4th anniversary is Monday and I’m feeling done...

I will try to make this as short as possible.

So, our anniversary of four years is on Monday. When we were together for one year, I found out I was pregnant. His family was very emotionally and verbally abusive of me during my pregnancy. They would lie to me and about me (some seriously horrible things), they tried to get me fired from my job, tried to get him to break up with me, they would yell at me for no reason… Just things like that. This caused issues during my pregnancy for me, and it caused issues between him and I for about a year afterwards because not only would he not defend me, but he’d get in on it at times as well.

I was pushed to the brink of an attempted suicide after 18 months of this. And even then I did not have proper support from him. It wasn’t until an entire year after that, that he decided that he was going to commit to me instead of his family who pushed me to that point.

Now, after a brief separation last year, we’ve been doing better. He’s been acting as a better spouse (he’s always been an amazing dad). He cut off half his family, especially the ones who treated me badly. He helps a little more around the house and is generally nicer and more kind.

Here’s the problem. I am extremely jaded by what has happened over the last 2 1/2 years. I still have issues with him being condescending and negative towards me at times (though MUCH less than before). Also, he refused for the longest time to marry me, then decided to get engaged, THEN called it off a few months before the wedding which was heartbreaking and embarrassing. The wedding thing happened recently.
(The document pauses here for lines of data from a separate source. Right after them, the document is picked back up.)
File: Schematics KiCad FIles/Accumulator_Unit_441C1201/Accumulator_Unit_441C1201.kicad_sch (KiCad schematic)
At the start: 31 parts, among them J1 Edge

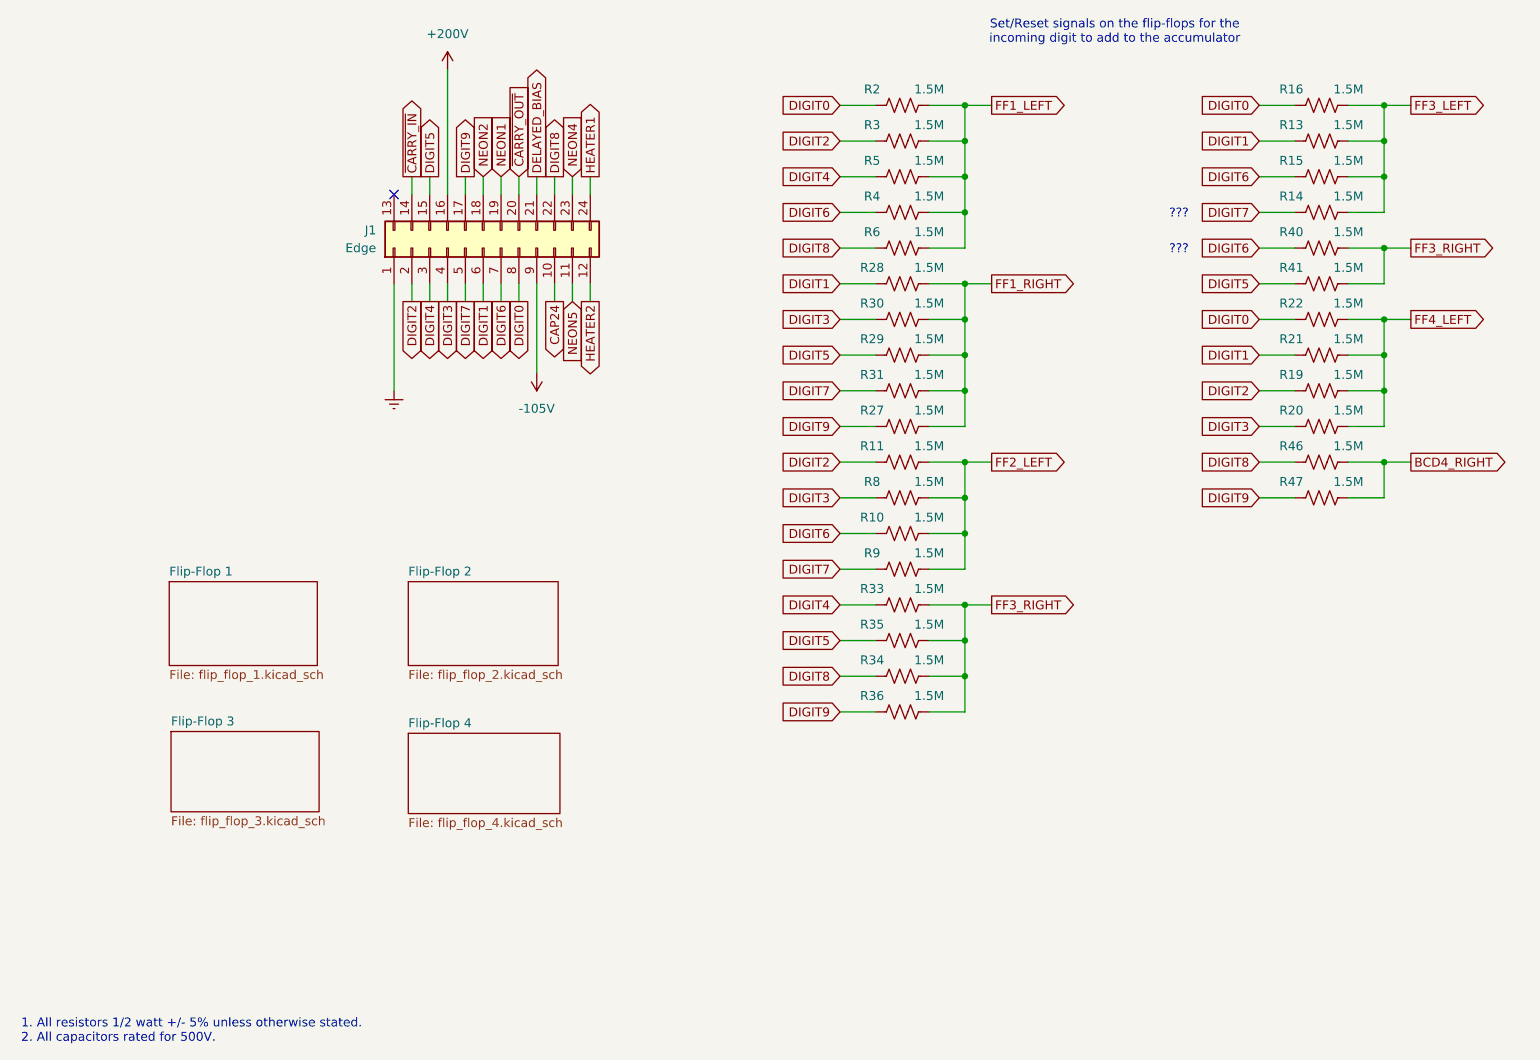
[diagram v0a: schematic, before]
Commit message: Fix component designators on accumulator schematics
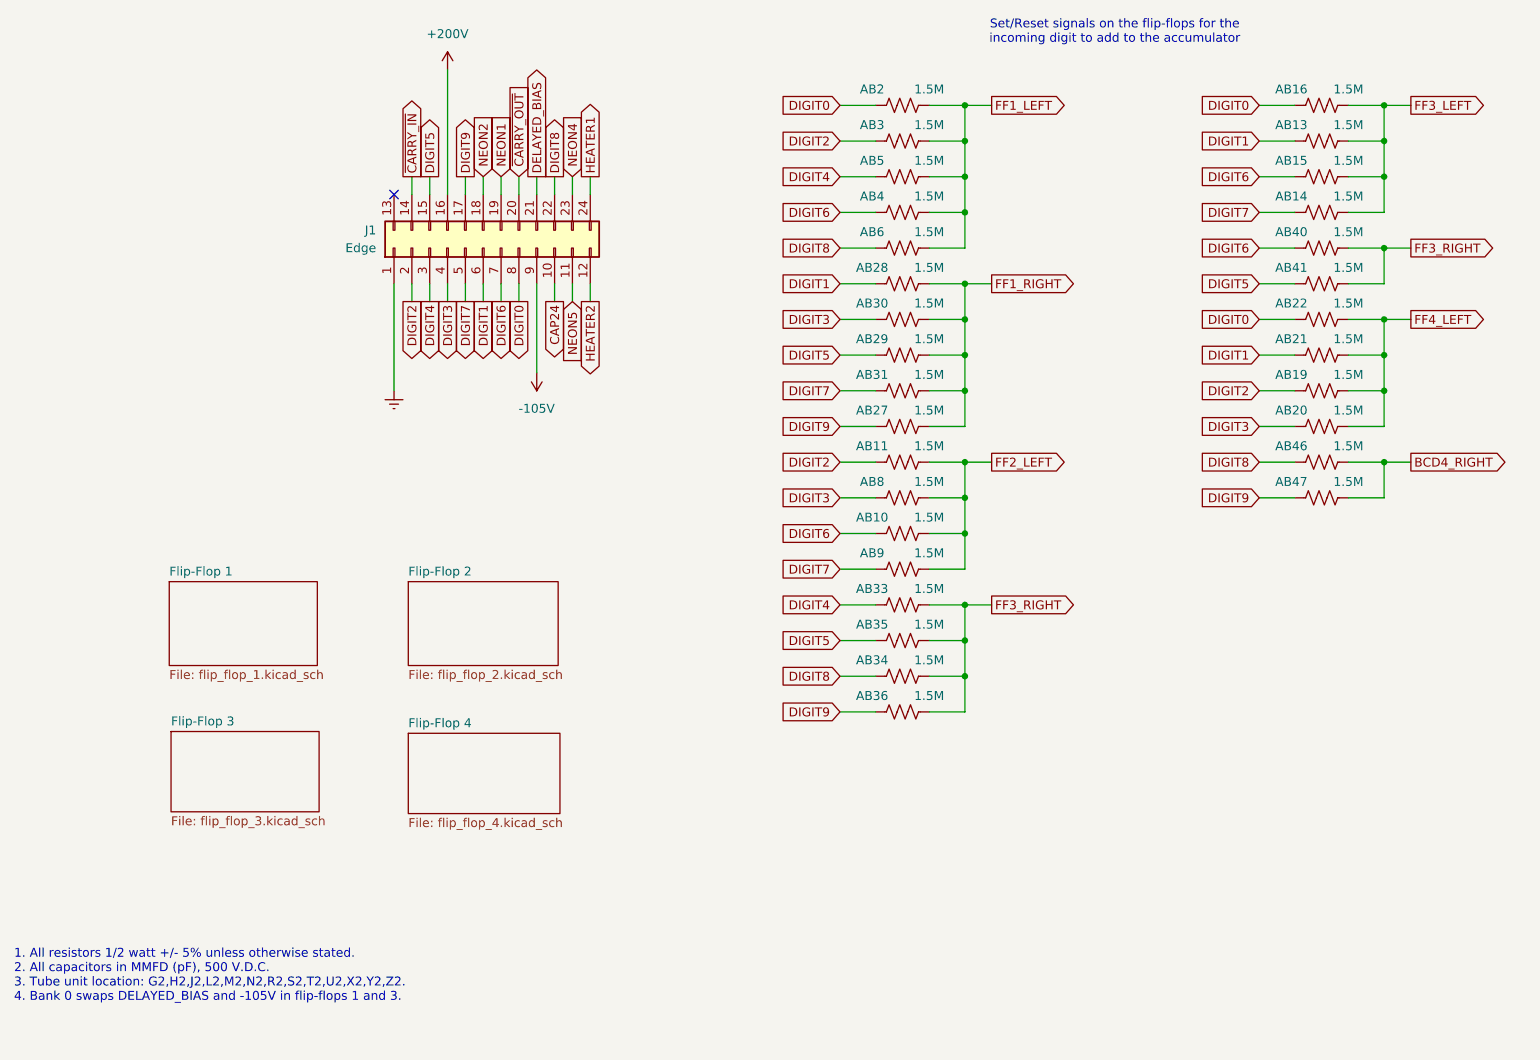
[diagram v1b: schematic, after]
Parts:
- renumbered R10 to AB10, R11 to AB11, R13 to AB13, R14 to AB14, R15 to AB15, R16 to AB16, R19 to AB19, R2 to AB2, R20 to AB20, R21 to AB21, R22 to AB22, R27 to AB27, R28 to AB28, R29 to AB29, R3 to AB3, R30 to AB30, R31 to AB31, R33 to AB33, R34 to AB34, R35 to AB35, R36 to AB36, R4 to AB4, R40 to AB40, R41 to AB41, R46 to AB46, R47 to AB47, R5 to AB5, R6 to AB6, R8 to AB8, R9 to AB9
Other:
- note added: "1. All resistors 1/2 watt +/- 5% unless otherwise stated. 2. All capacitors in MMFD (pF), 500 V.D.C. 3. Tube unit location: G2,H2,J2,L2,M2,N2,R2,S2,T2,U2,X2,Y2,Z2. 4. Bank 0 swaps DELAYED_BIAS and -105V in flip-flops 1 and 3."
- note removed: "1. All resistors 1/2 watt +/- 5% unless otherwise stated. 2. All capacitors rated for 500V."
- note removed: "???"
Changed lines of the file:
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@@
 		(title "Compu-Tronic Accumulator Unit Schematic")
 		(date "10-23-1958")
+		(comment 2 "For wiring diagram see 441E1302")
 	)
 	(junction
@@
 		)
 	)
-	(text "1. All resistors 1/2 watt +/- 5% unless otherwise stated.\n2. All capacitors rated for 500V."
+	(text "1. All resistors 1/2 watt +/- 5% unless otherwise stated.\n2. All capacitors in MMFD (pF), 500 V.D.C.\n3. Tube unit location: G2,H2,J2,L2,M2,N2,R2,S2,T2,U2,X2,Y2,Z2.\n4. Bank 0 swaps DELAYED_BIAS and -105V in flip-flops 1 and 3."
 		(exclude_from_sim no)
-		(at 32.004 178.816 0)
+		(at 30.988 170.942 0)
 		(effects
 			(font
@@
 		)
 	)
-	(text "???"
-		(exclude_from_sim no)
-		(at 196.85 67.564 0)
-		(effects
-			(font
-				(size 1.27 1.27)
-			)
-		)
-	)
-	(text "???"
-		(exclude_from_sim no)
-		(at 196.85 62.484 0)
-		(effects
-			(font
-				(size 1.27 1.27)
-			)
-		)
-	)
 	(text "Set/Reset signals on the flip-flops for the\nincoming digit to add to the accumulator"
 		(exclude_from_sim no)
@@
 		(on_board yes)
 		(dnp no)
-		(property "Reference" "R31"
+		(property "Reference" "AB31"
 			(at 153.162 85.344 90)
 			(effects
@@
 			(project "Accumulator_Unit_441C1201"
 				(path "/519d7692-6bf3-45ab-bd58-713783b63e8a"
-					(reference "R31")
+					(reference "AB31")
 					(unit 1)
 				)
@@
 		(on_board yes)
 		(dnp no)
-		(property "Reference" "R40"
+		(property "Reference" "AB40"
 			(at 212.852 65.024 90)
 			(effects
@@
 			(project "Accumulator_Unit_441C1201"
 				(path "/519d7692-6bf3-45ab-bd58-713783b63e8a"
-					(reference "R40")
+					(reference "AB40")
 					(unit 1)
 				)
@@
 		(on_board yes)
 		(dnp no)
-		(property "Reference" "R41"
+		(property "Reference" "AB41"
 			(at 212.852 70.104 90)
 			(effects
@@
 			(project "Accumulator_Unit_441C1201"
 				(path "/519d7692-6bf3-45ab-bd58-713783b63e8a"
-					(reference "R41")
+					(reference "AB41")
 					(unit 1)
 				)
@@
 		(on_board yes)
 		(dnp no)
-		(property "Reference" "R20"
+		(property "Reference" "AB20"
 			(at 212.852 90.424 90)
 			(effects
@@
 			(project "Accumulator_Unit_441C1201"
 				(path "/519d7692-6bf3-45ab-bd58-713783b63e8a"
-					(reference "R20")
+					(reference "AB20")
 					(unit 1)
 				)
@@
 		(on_board yes)
 		(dnp no)
-		(property "Reference" "R16"
+		(property "Reference" "AB16"
 			(at 212.852 44.704 90)
 			(effects
@@
 			(project "Accumulator_Unit_441C1201"
 				(path "/519d7692-6bf3-45ab-bd58-713783b63e8a"
-					(reference "R16")
+					(reference "AB16")
 					(unit 1)
 				)
@@
 		(on_board yes)
 		(dnp no)
-		(property "Reference" "R9"
+		(property "Reference" "AB9"
 			(at 153.162 110.744 90)
 			(effects
@@
 			(project "Accumulator_Unit_441C1201"
 				(path "/519d7692-6bf3-45ab-bd58-713783b63e8a"
-					(reference "R9")
+					(reference "AB9")
 					(unit 1)
 				)
@@
 		(on_board yes)
 		(dnp no)
-		(property "Reference" "R3"
+		(property "Reference" "AB3"
 			(at 153.162 49.784 90)
 			(effects
@@
 			(project "Accumulator_Unit_441C1201"
 				(path "/519d7692-6bf3-45ab-bd58-713783b63e8a"
-					(reference "R3")
+					(reference "AB3")
 					(unit 1)
 				)
@@
 		(on_board yes)
 		(dnp no)
-		(property "Reference" "R34"
+		(property "Reference" "AB34"
 			(at 153.162 125.984 90)
 			(effects
@@
 			(project "Accumulator_Unit_441C1201"
 				(path "/519d7692-6bf3-45ab-bd58-713783b63e8a"
-					(reference "R34")
+					(reference "AB34")
 					(unit 1)
 				)
@@
 		(on_board yes)
 		(dnp no)
-		(property "Reference" "R33"
+		(property "Reference" "AB33"
 			(at 153.162 115.824 90)
 			(effects
@@
 			(project "Accumulator_Unit_441C1201"
 				(path "/519d7692-6bf3-45ab-bd58-713783b63e8a"
-					(reference "R33")
+					(reference "AB33")
 					(unit 1)
 				)
@@
 		(on_board yes)
 		(dnp no)
-		(property "Reference" "R8"
+		(property "Reference" "AB8"
 			(at 153.162 100.584 90)
 			(effects
@@
 			(project "Accumulator_Unit_441C1201"
 				(path "/519d7692-6bf3-45ab-bd58-713783b63e8a"
-					(reference "R8")
+					(reference "AB8")
 					(unit 1)
 				)
@@
 		(on_board yes)
 		(dnp no)
-		(property "Reference" "R47"
+		(property "Reference" "AB47"
 			(at 212.852 100.584 90)
 			(effects
@@
 			(project "Accumulator_Unit_441C1201"
 				(path "/519d7692-6bf3-45ab-bd58-713783b63e8a"
-					(reference "R47")
+					(reference "AB47")
 					(unit 1)
 				)
@@
 		(on_board yes)
 		(dnp no)
-		(property "Reference" "R22"
+		(property "Reference" "AB22"
 			(at 212.852 75.184 90)
 			(effects
@@
 			(project "Accumulator_Unit_441C1201"
 				(path "/519d7692-6bf3-45ab-bd58-713783b63e8a"
-					(reference "R22")
+					(reference "AB22")
 					(unit 1)
 				)
@@
 		(on_board yes)
 		(dnp no)
-		(property "Reference" "R29"
+		(property "Reference" "AB29"
 			(at 153.162 80.264 90)
 			(effects
@@
 			(project "Accumulator_Unit_441C1201"
 				(path "/519d7692-6bf3-45ab-bd58-713783b63e8a"
-					(reference "R29")
+					(reference "AB29")
 					(unit 1)
 				)
@@
 		(on_board yes)
 		(dnp no)
-		(property "Reference" "R2"
+		(property "Reference" "AB2"
 			(at 153.162 44.704 90)
 			(effects
@@
 			(project ""
 				(path "/519d7692-6bf3-45ab-bd58-713783b63e8a"
-					(reference "R2")
+					(reference "AB2")
 					(unit 1)
 				)
@@
 		(on_board yes)
 		(dnp no)
-		(property "Reference" "R14"
+		(property "Reference" "AB14"
 			(at 212.852 59.944 90)
 			(effects
@@
 			(project "Accumulator_Unit_441C1201"
 				(path "/519d7692-6bf3-45ab-bd58-713783b63e8a"
-					(reference "R14")
+					(reference "AB14")
 					(unit 1)
 				)
@@
 		(on_board yes)
 		(dnp no)
-		(property "Reference" "R46"
+		(property "Reference" "AB46"
 			(at 212.852 95.504 90)
 			(effects
@@
 			(project "Accumulator_Unit_441C1201"
 				(path "/519d7692-6bf3-45ab-bd58-713783b63e8a"
-					(reference "R46")
+					(reference "AB46")
 					(unit 1)
 				)
@@
 		(on_board yes)
 		(dnp no)
-		(property "Reference" "R5"
+		(property "Reference" "AB5"
 			(at 153.162 54.864 90)
 			(effects
@@
 			(project "Accumulator_Unit_441C1201"
 				(path "/519d7692-6bf3-45ab-bd58-713783b63e8a"
-					(reference "R5")
+					(reference "AB5")
 					(unit 1)
 				)
@@
 		(on_board yes)
 		(dnp no)
-		(property "Reference" "R35"
+		(property "Reference" "AB35"
 			(at 153.162 120.904 90)
 			(effects
@@
 			(project "Accumulator_Unit_441C1201"
 				(path "/519d7692-6bf3-45ab-bd58-713783b63e8a"
-					(reference "R35")
+					(reference "AB35")
 					(unit 1)
 				)
@@
 		(on_board yes)
 		(dnp no)
-		(property "Reference" "R15"
+		(property "Reference" "AB15"
 			(at 212.852 54.864 90)
 			(effects
@@
 			(project "Accumulator_Unit_441C1201"
 				(path "/519d7692-6bf3-45ab-bd58-713783b63e8a"
-					(reference "R15")
+					(reference "AB15")
 					(unit 1)
 				)
@@
 		(on_board yes)
 		(dnp no)
-		(property "Reference" "R28"
+		(property "Reference" "AB28"
 			(at 153.162 70.104 90)
 			(effects
@@
 			(project "Accumulator_Unit_441C1201"
 				(path "/519d7692-6bf3-45ab-bd58-713783b63e8a"
-					(reference "R28")
+					(reference "AB28")
 					(unit 1)
 				)
@@
 		(on_board yes)
 		(dnp no)
-		(property "Reference" "R4"
+		(property "Reference" "AB4"
 			(at 153.162 59.944 90)
 			(effects
@@
 			(project "Accumulator_Unit_441C1201"
 				(path "/519d7692-6bf3-45ab-bd58-713783b63e8a"
-					(reference "R4")
+					(reference "AB4")
 					(unit 1)
 				)
@@
 		(on_board yes)
 		(dnp no)
-		(property "Reference" "R10"
+		(property "Reference" "AB10"
 			(at 153.162 105.664 90)
 			(effects
@@
 			(project "Accumulator_Unit_441C1201"
 				(path "/519d7692-6bf3-45ab-bd58-713783b63e8a"
-					(reference "R10")
+					(reference "AB10")
 					(unit 1)
 				)
@@
 		(on_board yes)
 		(dnp no)
-		(property "Reference" "R21"
+		(property "Reference" "AB21"
 			(at 212.852 80.264 90)
 			(effects
@@
 			(project "Accumulator_Unit_441C1201"
 				(path "/519d7692-6bf3-45ab-bd58-713783b63e8a"
-					(reference "R21")
+					(reference "AB21")
 					(unit 1)
 				)
@@
 		(on_board yes)
 		(dnp no)
-		(property "Reference" "R13"
+		(property "Reference" "AB13"
 			(at 212.852 49.784 90)
 			(effects
@@
 			(project "Accumulator_Unit_441C1201"
 				(path "/519d7692-6bf3-45ab-bd58-713783b63e8a"
-					(reference "R13")
+					(reference "AB13")
 					(unit 1)
 				)
@@
 		(on_board yes)
 		(dnp no)
-		(property "Reference" "R11"
+		(property "Reference" "AB11"
 			(at 153.162 95.504 90)
 			(effects
@@
 			(project "Accumulator_Unit_441C1201"
 				(path "/519d7692-6bf3-45ab-bd58-713783b63e8a"
-					(reference "R11")
+					(reference "AB11")
 					(unit 1)
 				)
@@
 		(on_board yes)
 		(dnp no)
-		(property "Reference" "R19"
+		(property "Reference" "AB19"
 			(at 212.852 85.344 90)
 			(effects
@@
 			(project "Accumulator_Unit_441C1201"
 				(path "/519d7692-6bf3-45ab-bd58-713783b63e8a"
-					(reference "R19")
+					(reference "AB19")
 					(unit 1)
 				)
@@
 		(on_board yes)
 		(dnp no)
-		(property "Reference" "R6"
+		(property "Reference" "AB6"
 			(at 153.162 65.024 90)
 			(effects
@@
 			(project "Accumulator_Unit_441C1201"
 				(path "/519d7692-6bf3-45ab-bd58-713783b63e8a"
-					(reference "R6")
+					(reference "AB6")
 					(unit 1)
 				)
@@
 		(on_board yes)
 		(dnp no)
-		(property "Reference" "R36"
+		(property "Reference" "AB36"
 			(at 153.162 131.064 90)
 			(effects
@@
 			(project "Accumulator_Unit_441C1201"
 				(path "/519d7692-6bf3-45ab-bd58-713783b63e8a"
-					(reference "R36")
+					(reference "AB36")
 					(unit 1)
 				)
@@
 		(on_board yes)
 		(dnp no)
-		(property "Reference" "R27"
+		(property "Reference" "AB27"
 			(at 153.162 90.424 90)
 			(effects
@@
 			(project "Accumulator_Unit_441C1201"
 				(path "/519d7692-6bf3-45ab-bd58-713783b63e8a"
-					(reference "R27")
+					(reference "AB27")
 					(unit 1)
 				)
@@
 		(on_board yes)
 		(dnp no)
-		(property "Reference" "R30"
+		(property "Reference" "AB30"
 			(at 153.162 75.184 90)
 			(effects
@@
 			(project "Accumulator_Unit_441C1201"
 				(path "/519d7692-6bf3-45ab-bd58-713783b63e8a"
-					(reference "R30")
+					(reference "AB30")
 					(unit 1)
 				)

I just feel like I’ll never stop being let down, hurt and/or shamed somehow. I don’t want to live the rest of my life wondering when the next time that will happen. I know he loves me... but I don’t think I love him anymore. I know he’s trying but I don’t have the willpower or even really the want to try. Maybe I’m depressed. I don’t know. But I do know I’ve been hurt too many times and i don’t know if I’ll ever get over it.

I don’t know what to do.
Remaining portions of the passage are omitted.